Please
read this from Promise Joy Enlow. Her father, Johnny Enlow, has
thousands of followers and appears regularly on Elijah List. I have felt
he is the most dangerous of those that prophesied that Trump would be
re-elected because he continues to promote QAnon conspiracy theories and
is inciting violence through the language he uses.
Promise
is not the only preacher's kid speaking out. I am in a closed Facebook
group, started by Anna Jayne Joyner, where other preacher's kids are
expressing concern at the cultish behavior they see in their parents.
Promise's words "You've lost us" is something I've heard a lot.

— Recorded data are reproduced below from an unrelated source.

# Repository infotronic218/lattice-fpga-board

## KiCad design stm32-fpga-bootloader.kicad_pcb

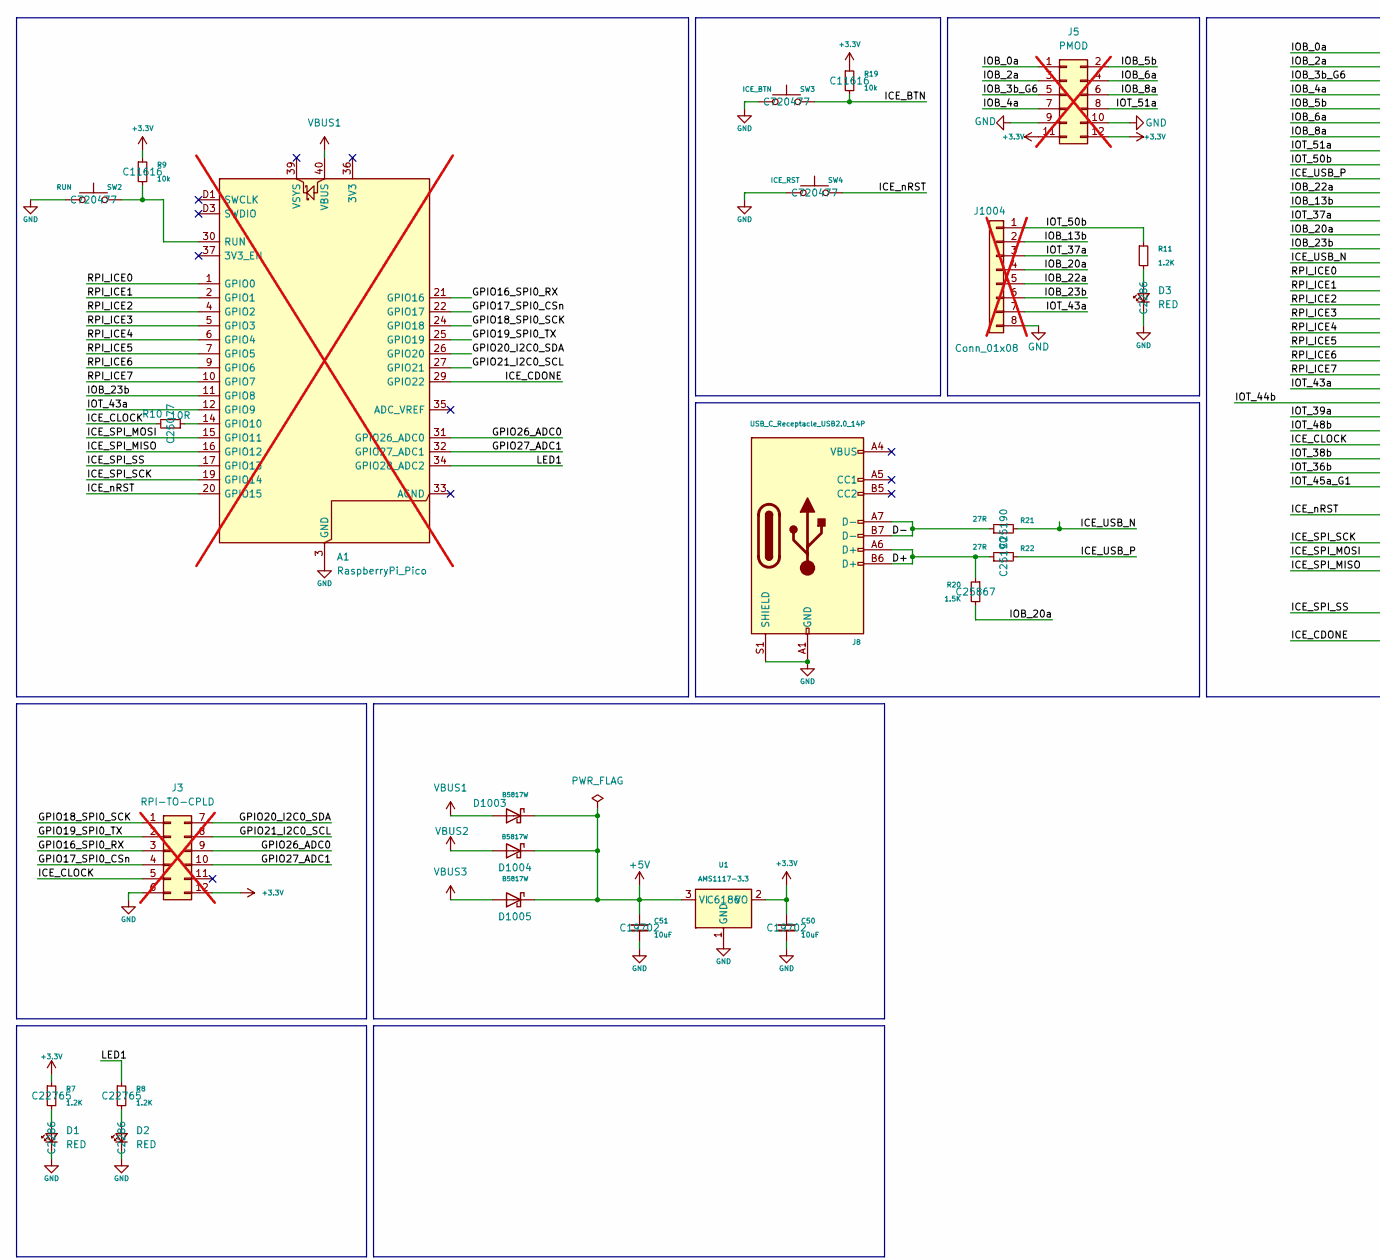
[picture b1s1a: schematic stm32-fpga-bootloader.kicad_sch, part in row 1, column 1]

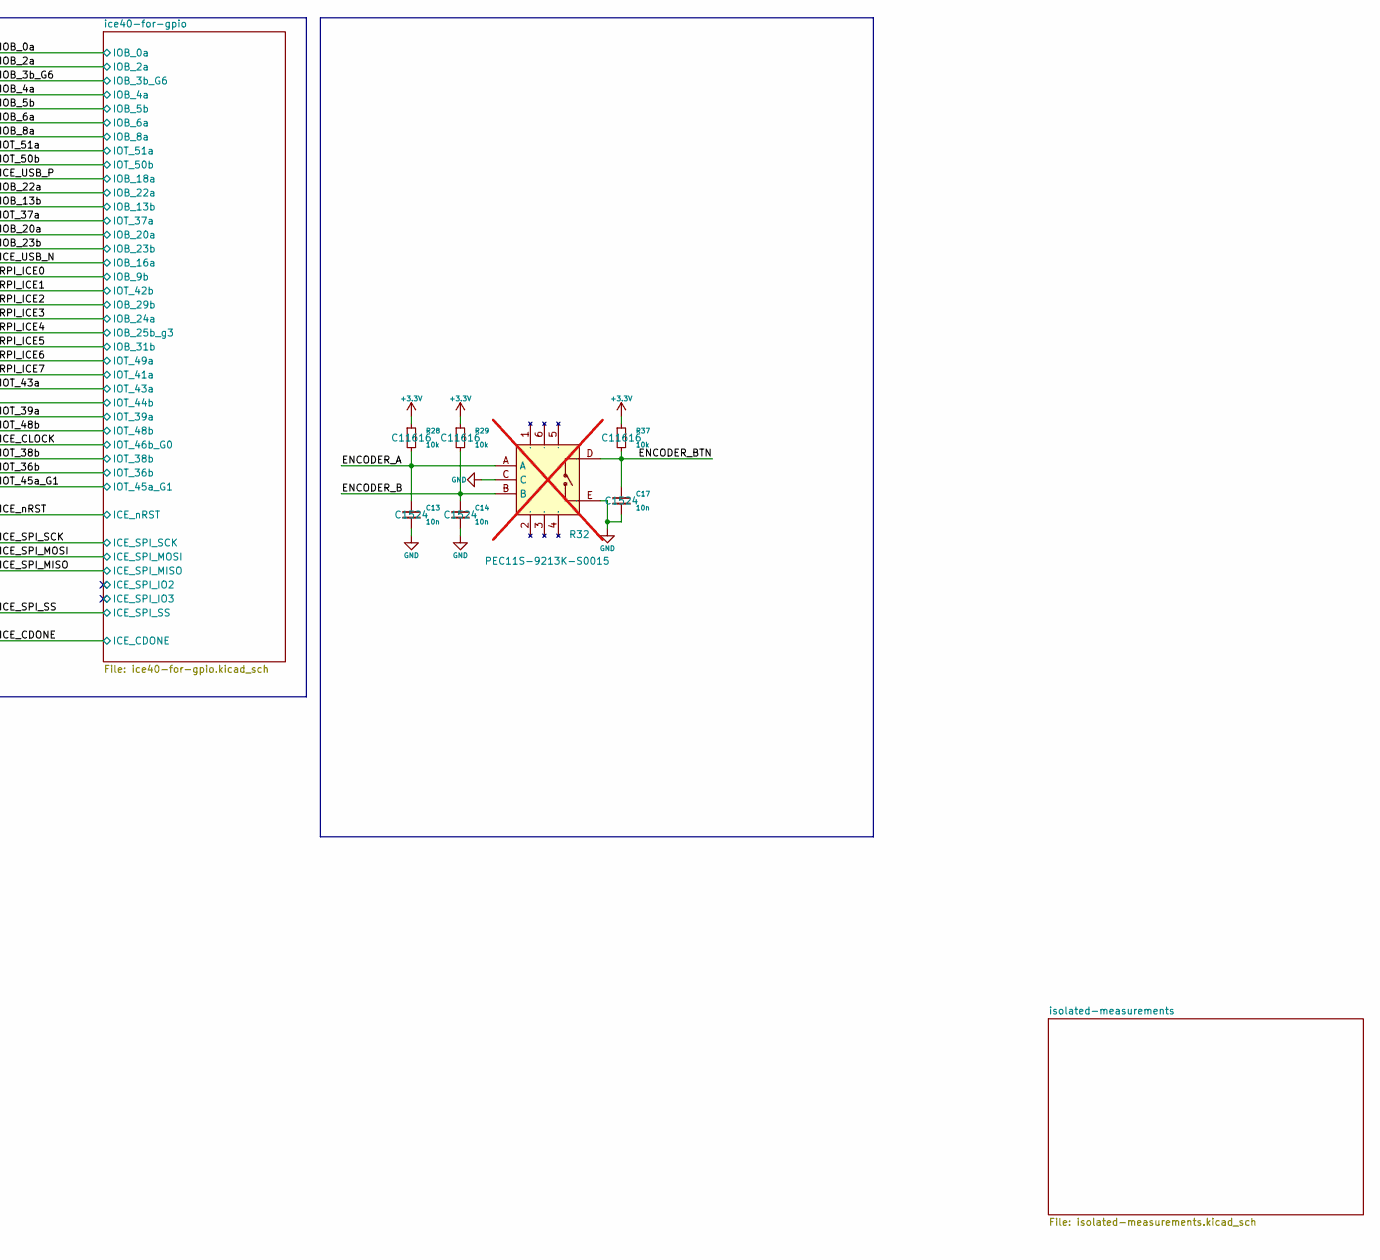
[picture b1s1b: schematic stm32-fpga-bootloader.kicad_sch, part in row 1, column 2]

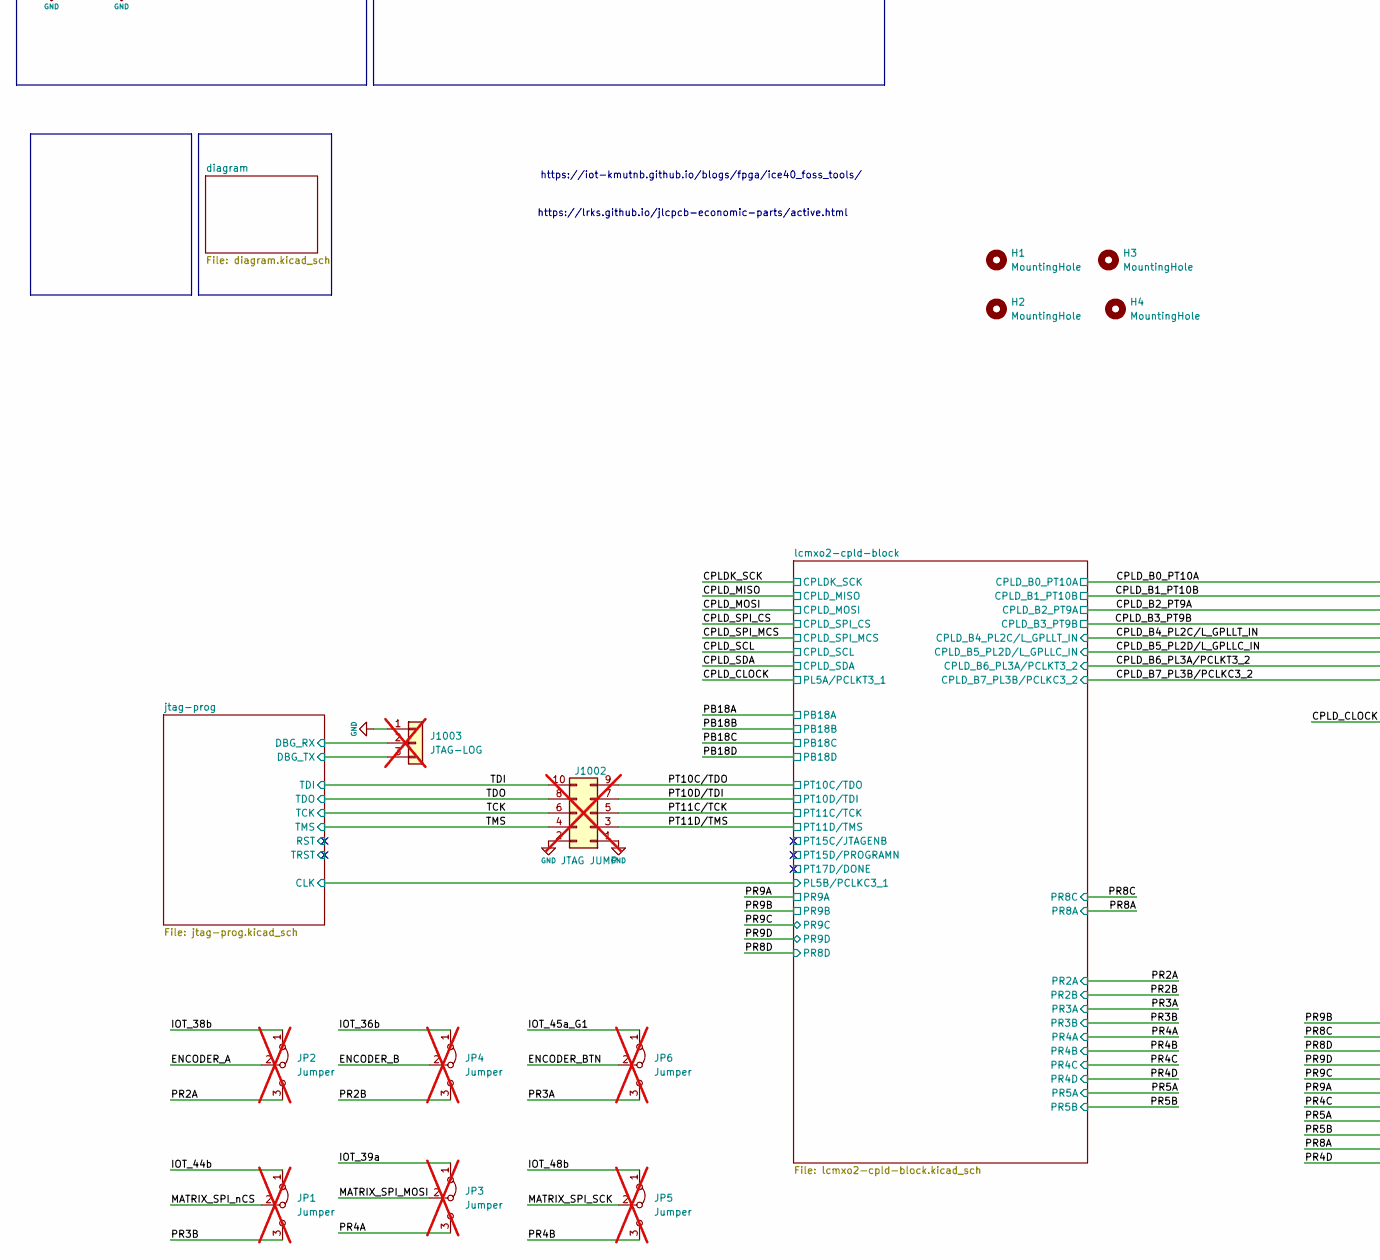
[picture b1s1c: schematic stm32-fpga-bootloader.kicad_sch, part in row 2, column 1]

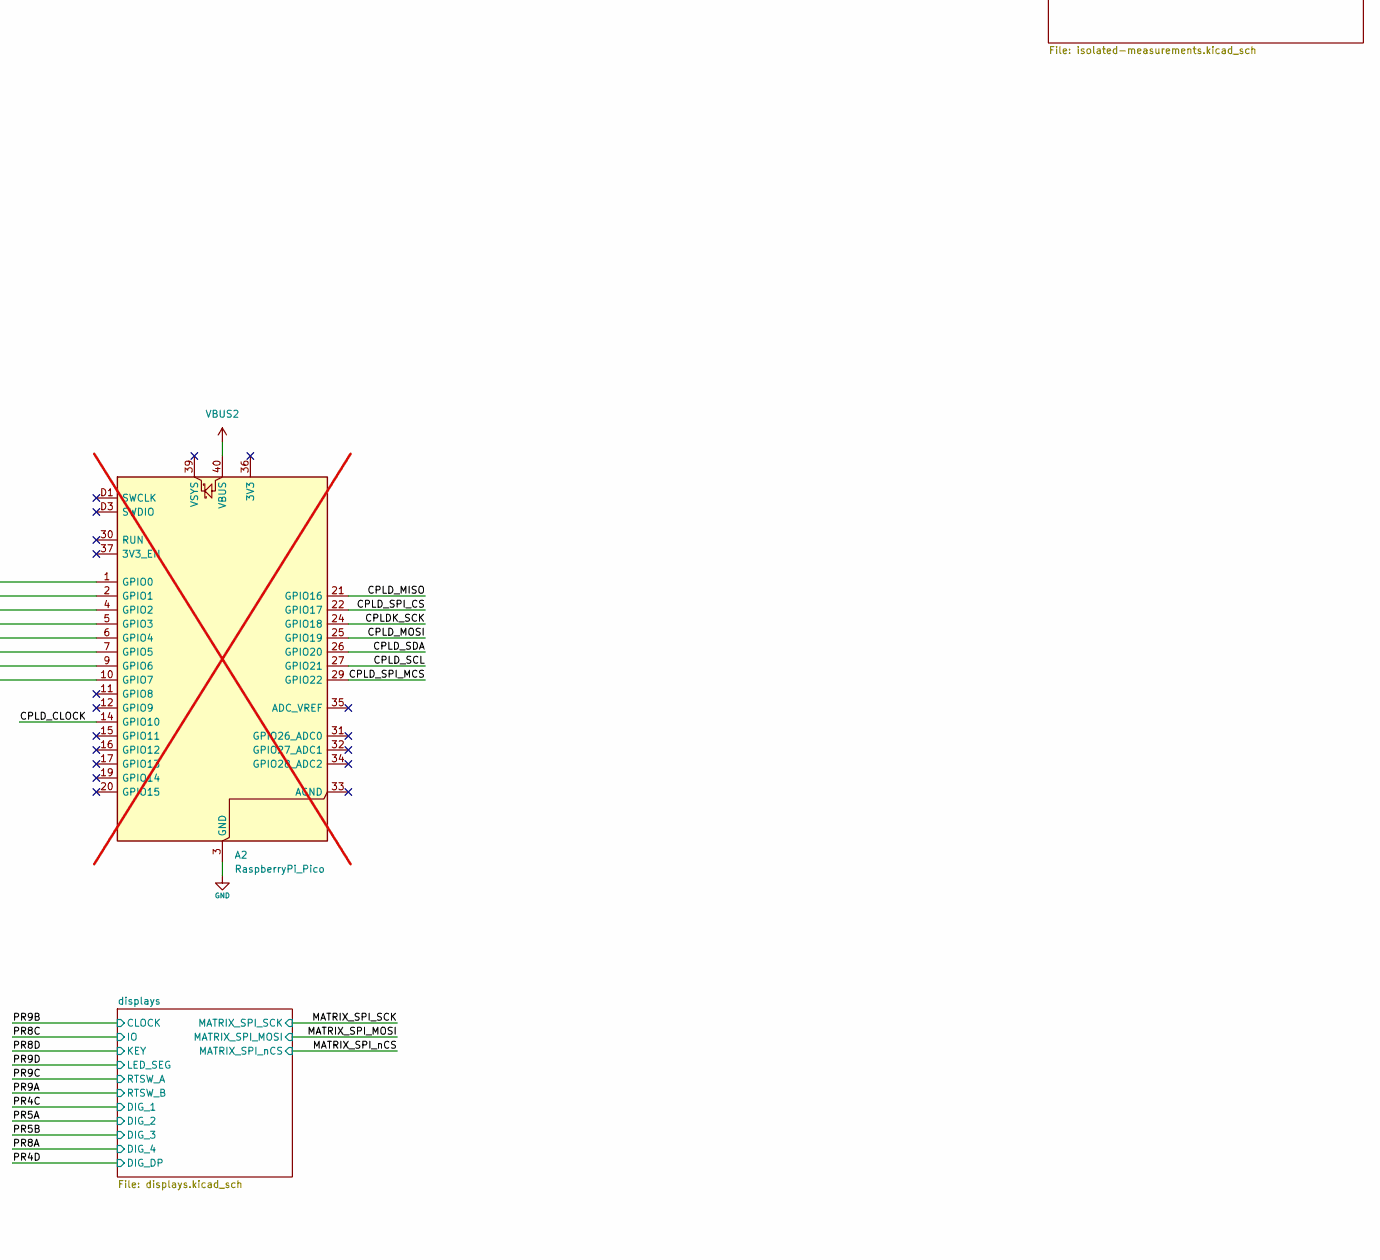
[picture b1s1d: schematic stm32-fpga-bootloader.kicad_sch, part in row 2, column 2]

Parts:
A1, A2: RaspberryPi_Pico; RaspberryPi_Pico_Common_THT; not fitted
C13, C14, C17: 10n; C_0402_1005Metric; LCSC C1524
C50, C51: 10uF; C_0603_1608Metric; LCSC C19702
D1, D2, D3: RED; LED_0603_1608Metric; LCSC C2286
D1003, D1004, D1005: B5817W; D_SOD-123; LCSC C7420328
H1, H2, H3, H4: MountingHole; MountingHole_3.2mm_M3
J3: RPI-TO-CPLD; PinHeader_2x06_P2.54mm_Vertical; not fitted
J5: PMOD; PinSocket_2x06_P2.54mm_Horizontal; not fitted
J8: USB_C_Receptacle_USB2.0_14P; USB_C_Receptacle_G-Switch_GT-USB-7010ASV
J1002: JTAG JUMP; PinSocket_2x05_P2.54mm_Vertical; not fitted
J1003: JTAG-LOG; PinSocket_1x03_P2.54mm_Vertical; not fitted
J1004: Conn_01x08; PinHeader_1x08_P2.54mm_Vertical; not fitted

Promise Joy Enlow's post dated November 12:
"Growing
up, one of my favorite Bible stories was of the prodigal son. I loved
the idea of a child being able to come back freely to his family after
potentially ruining his future, and still finding unconditional love and
zero requirements to receive it. It’s a beautiful picture.
Unfortunately I don’t think the evangelical church will have many “lost
sheep” even attempting a reunion after all that has happened.
Even IF
these Christian leaders/their followers were indeed right about their
ridiculous conspiring they have left ZERO room for any reconciliation
with those they have disagreed with.
The far-right, evangelical church
has officially sealed their position as a Trump cult.
There is no love,
kindness, gentleness, or other “fruits of the spirit” coming from their
camp.
They are so busy with their obsession that they have no time for
relationship.
Anyone who joins them from here on out will have been
forced into it by fear tactics and threats of an angry, judgmental god.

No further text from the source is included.